Red flags / pitfalls
- Prescribing CHC in migraine with aura, in smokers ≥35, or in uncontrolled hypertension — unacceptable stroke/VTE risk (MEC 4).
- Missing enzyme-inducer interactions — efavirenz/rifampicin reduce CHC, POP, and implant efficacy; recommend Cu-IUD, LNG-IUS, or injectable instead.
- Restricting DMPA on HIV-risk grounds — outdated; post-ECHO, DMPA is MEC Category 1 for women at high HIV risk.
- Mistaking DMPA's delayed return of fertility for infertility — counsel in advance.
- Giving progestogen within 5 days of ulipristal EC — reduces its efficacy.
- Forgetting dual protection — hormonal methods do not prevent STIs/HIV.
- Inserting an IUD without excluding pregnancy or screening for STI risk — perforation/expulsion and infection pitfalls.
- Counselling sterilisation as reversible — it is permanent, and a failure carries ectopic risk.
- Assuming HRT is contraceptive in the perimenopause — it is not.
- Ignoring adolescent bone considerations with DMPA — reversible, but counsel during peak-bone-mass years (osteoporosis).
Evidence anchors
- South African National Contraception Clinical Guidelines (2019) and the South African Handbook for Contraceptive Method Provision (2019), NDoH — the national standard, aligned to WHO MEC.

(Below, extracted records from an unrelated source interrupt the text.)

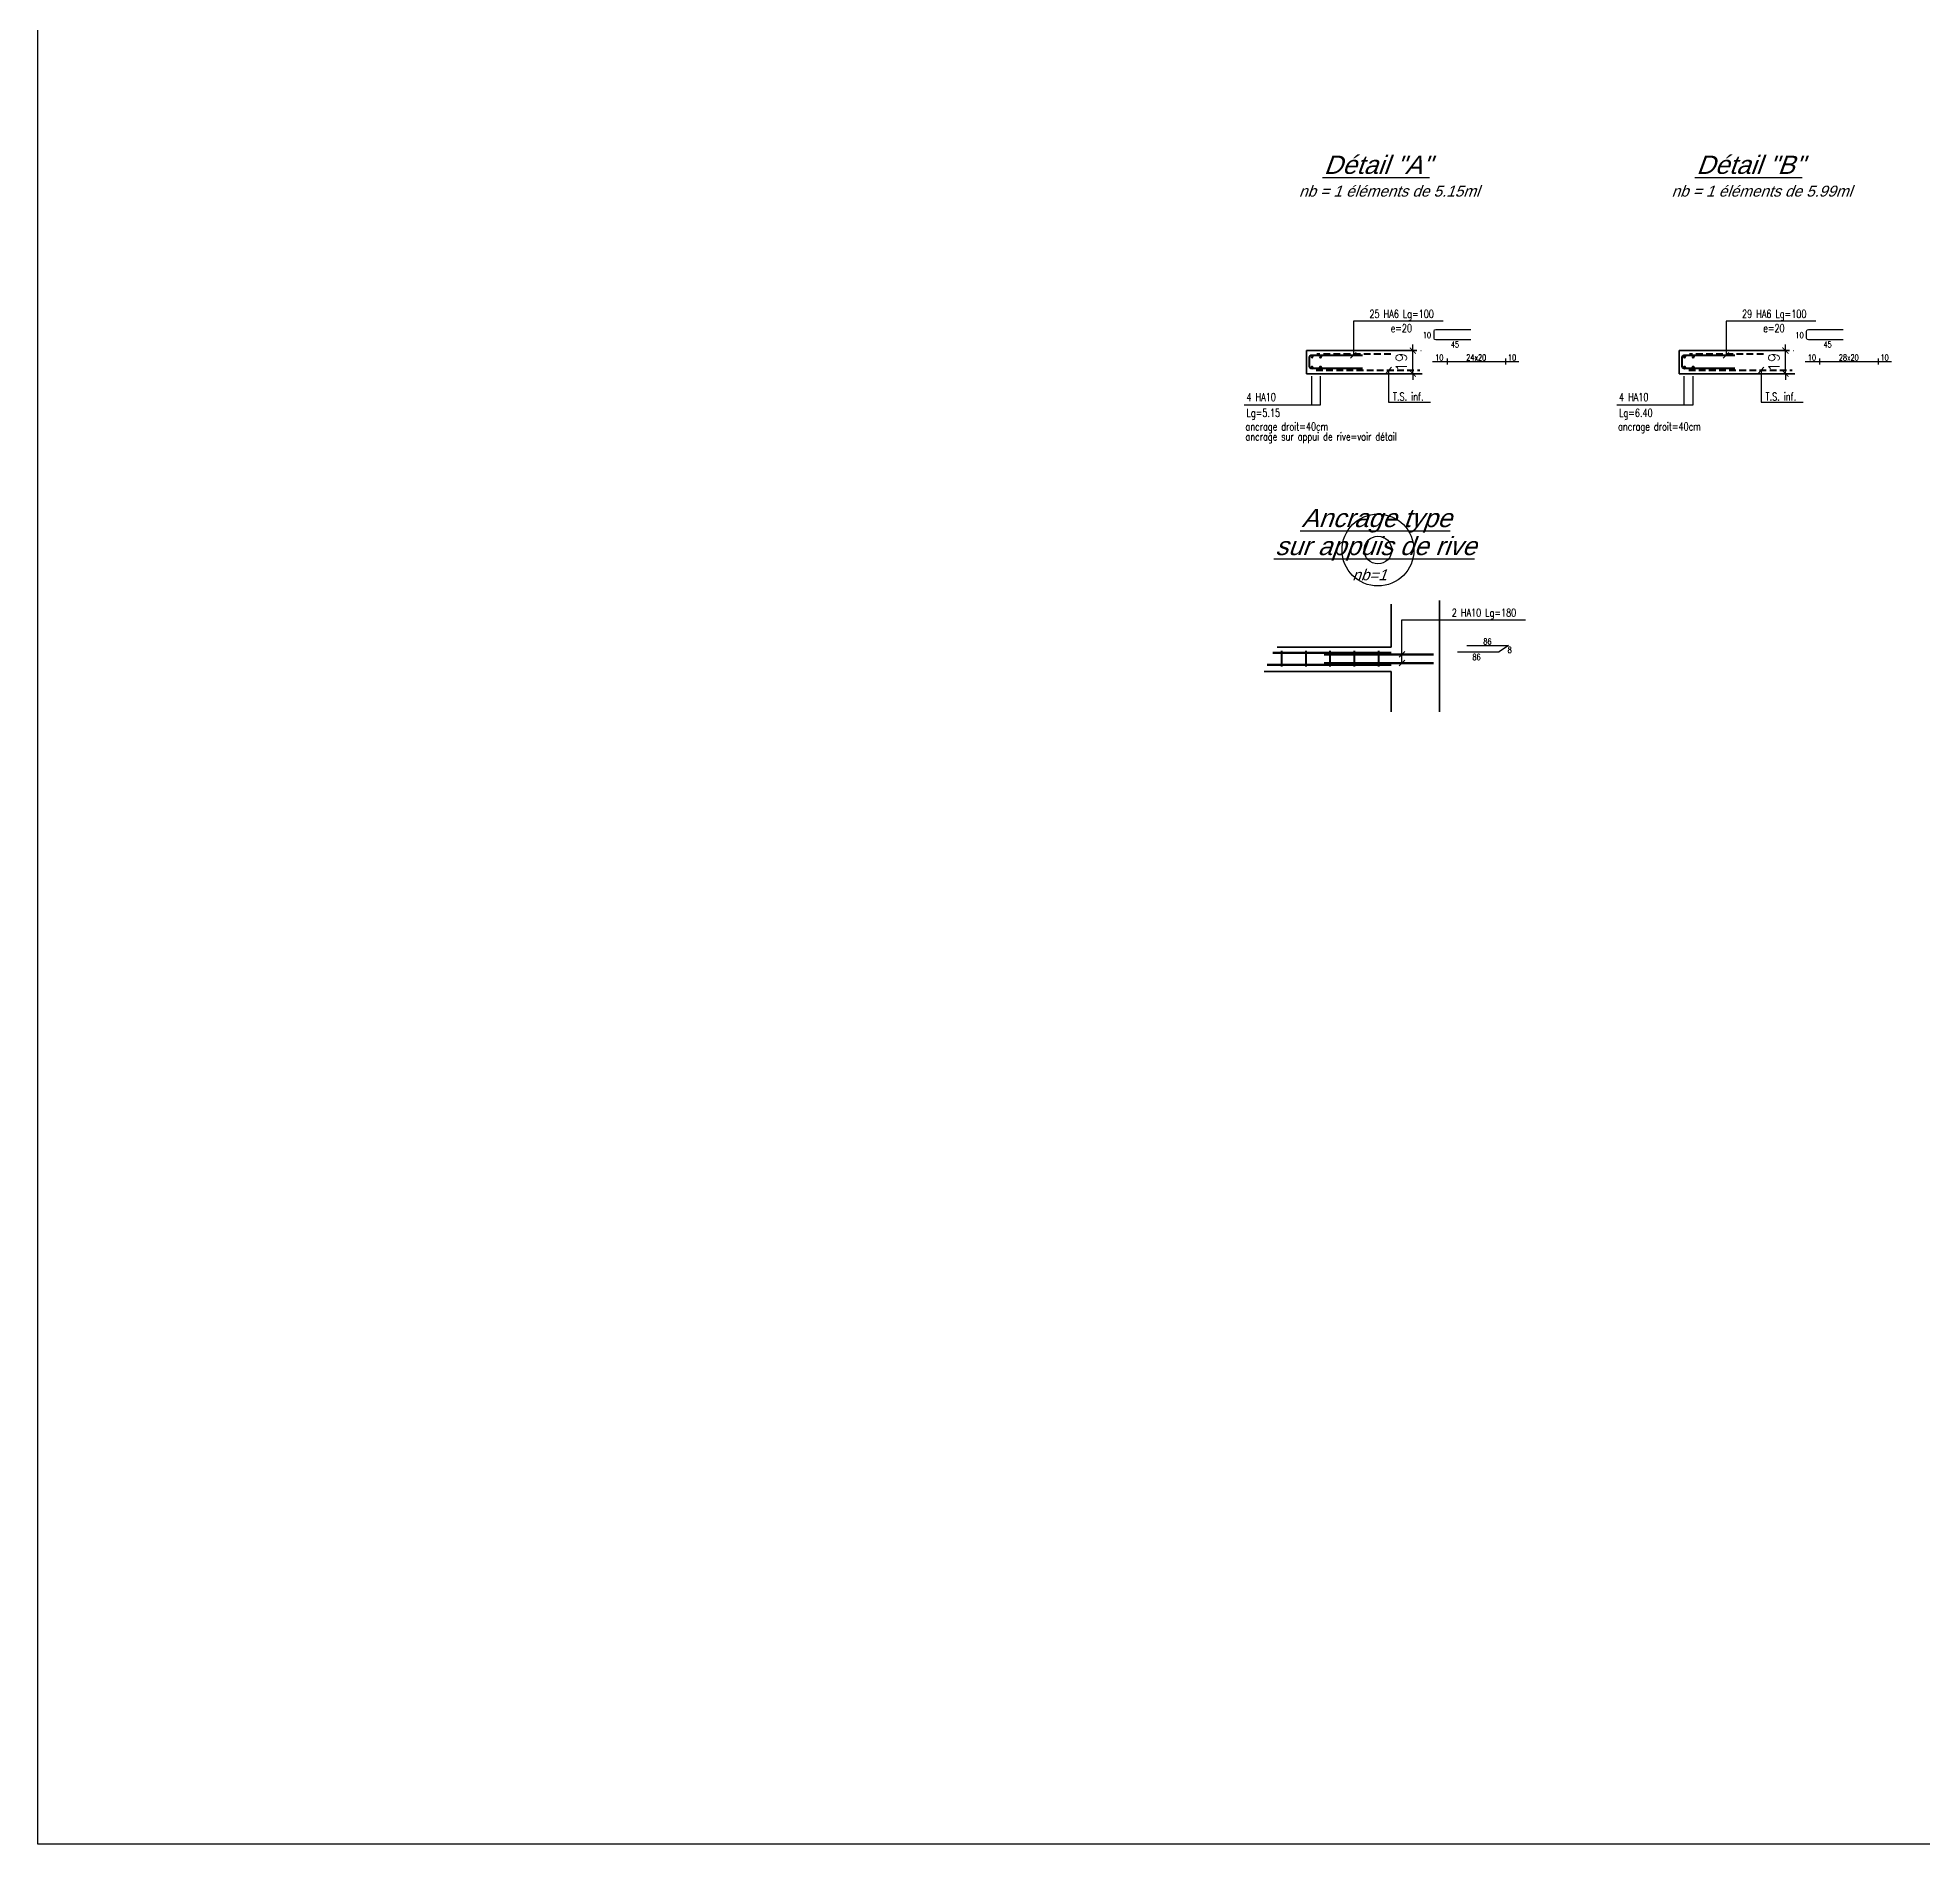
# Model space of a CAD drawing. Header units: millimetres. Extents: x -4262 to 1154, y -2933 to 76.
# Drawn here: x -4262 to -2710, y -2933 to -1446 of the extents above; entities that cross this region are included whole.
import ezdxf
from ezdxf.enums import TextEntityAlignment as Align

# ---------------------------------------------------------------- set-up
doc = ezdxf.new("R2010")
doc.units = ezdxf.units.MM
doc.header["$LTSCALE"] = 50
doc.linetypes.add('CACHE2', pattern=[4.7625, 3.175, -1.5875])
for name, color, linetype in [('ARMATURES', 1, 'Continuous'), ('GO-ARMATURES INF.', 1, 'Continuous'), ('GO-FER-HA', 140, 'Continuous'), ('GO-PORTEURS', 7, 'Continuous'), ('GO-TEXTE-FER', 3, 'Continuous'), ('Grid', 7, 'Continuous'), ('STR_COTATION', 1, 'Continuous')]:
    doc.layers.add(name, color=color, linetype=linetype)
doc.layers.add('GO Coupes', color=7, linetype='Continuous', lineweight=35)
doc.styles.add('GrDimensions', font='simplex.shx')
doc.styles.add('ROMANS', font='ROMANS.SHX')
doc.styles.add('Réservation', font='ARIAL.TTF', dxfattribs={"oblique": 20})
doc.styles.add('STANDARD 2', font='romans.shx', dxfattribs={"width": 0.5})
doc.dimstyles.new('GrDimensionsNEW', dxfattribs={"dimtxt": 9, "dimasz": 5, "dimexe": 7, "dimexo": 0, "dimgap": 5, "dimtad": 1, "dimdec": 0, "dimzin": 0, "dimdsep": 46, "dimtxsty": 'GrDimensions', "dimblk": 'ARCHTICK', "dimcen": 9, "dimclrt": 7, "dimadec": 0, "dimazin": 0, "dimtfac": 1, "dimtdec": 0, "dimtix": 1, "dimtmove": 0, "dimatfit": 3, "dimldrblk": 'OPEN30', "dimfxl": 0, "dimtolj": 1, "dimtzin": 0, "dimarcsym": 0})
doc.dimstyles.new('REPERE', dxfattribs={"dimscale": 0.01, "dimtxt": 15, "dimasz": 6, "dimexe": 10, "dimexo": 10, "dimgap": 3, "dimtad": 1, "dimdec": 1, "dimlfac": 100, "dimzin": 12, "dimdsep": 46, "dimtxsty": 'STANDARD 2', "dimblk": 'repere', "dimcen": 0.09, "dimclrd": 256, "dimclre": 256, "dimclrt": 256, "dimadec": 0, "dimazin": 0, "dimtfac": 1, "dimtdec": 1, "dimtmove": 1, "dimatfit": 0, "dimldrblk": 'repere', "dimfxl": 0, "dimtolj": 1, "dimtzin": 0, "dimarcsym": 0})

# ---------------------------------------------------------------- blocks, each defined once
blk = doc.blocks.new('repere')
at = {"color": 0}
blk.add_lwpolyline([(0, 0), (-7, 0)], dxfattribs=at)
at = {"color": 0, "const_width": 0.2}
blk.add_lwpolyline([(-5, -1), (-5, 1)], dxfattribs=at)
at = {"color": 0}
blk.add_lwpolyline([(0, 0, 0, 0.2, 0), (-5, -1, 0, 0, 0)], format="xyseb", dxfattribs=at)
blk = doc.blocks.new('_ArchTick')
at = {"color": 0, "linetype": 'ByBlock', "const_width": 0.15}
blk.add_lwpolyline([(-0.5, -0.5), (0.5, 0.5)], dxfattribs=at)
blk = doc.blocks.new('*D28')
at = {"layer": 'Defpoints', "color": 0}
for p in [(-3136, -1703.9, 1196.9), (-3129.6, -1703.9), (-3136, -1722.9, 1196.9)]:
    blk.add_point(p, dxfattribs=at)
at = {"layer": 'STR_COTATION', "color": 0, "lineweight": -2}
for p, q in [((-3129.6, -1703.9), (-3129.6, -1698.9)), ((-3129.6, -1722.9), (-3129.6, -1703.9)), ((-3122.9, -1703.9), (-3122.6, -1703.9)), ((-3129.6, -1722.9), (-3129.6, -1727.9)), ((-3122.9, -1722.9), (-3122.6, -1722.9))]:
    blk.add_line(p, q, dxfattribs=at)
at = {"layer": 'STR_COTATION', "color": 0, "lineweight": -2, "xscale": 5, "yscale": 5, "zscale": 5}
for p, rotation in [((-3129.6, -1703.9), 270), ((-3129.6, -1722.9), 90)]:
    blk.add_blockref('_ArchTick', p, dxfattribs=dict(at, rotation=rotation))
at = {"layer": 'STR_COTATION', "color": 7, "insert": (-3139.1, -1713.4), "char_height": 9, "attachment_point": 5, "rotation": 90, "style": 'GrDimensions'}
blk.add_mtext('\\A1;19', dxfattribs=at)
blk = doc.blocks.new('_Open30')
at = {"color": 0, "linetype": 'ByBlock', "lineweight": -2}
for p, q in [((-1, 0.27), (0, 0)), ((0, 0), (-1, -0.27)), ((0, 0), (-1, 0))]:
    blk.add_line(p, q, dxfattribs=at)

- WHO Medical Eligibility Criteria for Contraceptive Use, 6th edition (2025) — current MEC categories 1–4, including the post-ECHO DMPA classification.
- WHO Selected Practice Recommendations for Contraceptive Use — initiation, missed-pill, and switching guidance.
- FSRH (UK) — UKMEC (2016, amended 2019) and method-specific FSRH clinical guidance — cross-reference for CHC, POP, injectables, implant, intrauterine, and emergency contraception.
- ECHO trial (2019, Lancet) — no substantial difference in HIV acquisition between DMPA-IM, copper IUD, and LNG implant.
- South African EML / NDoH Standard Treatment Guidelines — method availability across public-sector levels.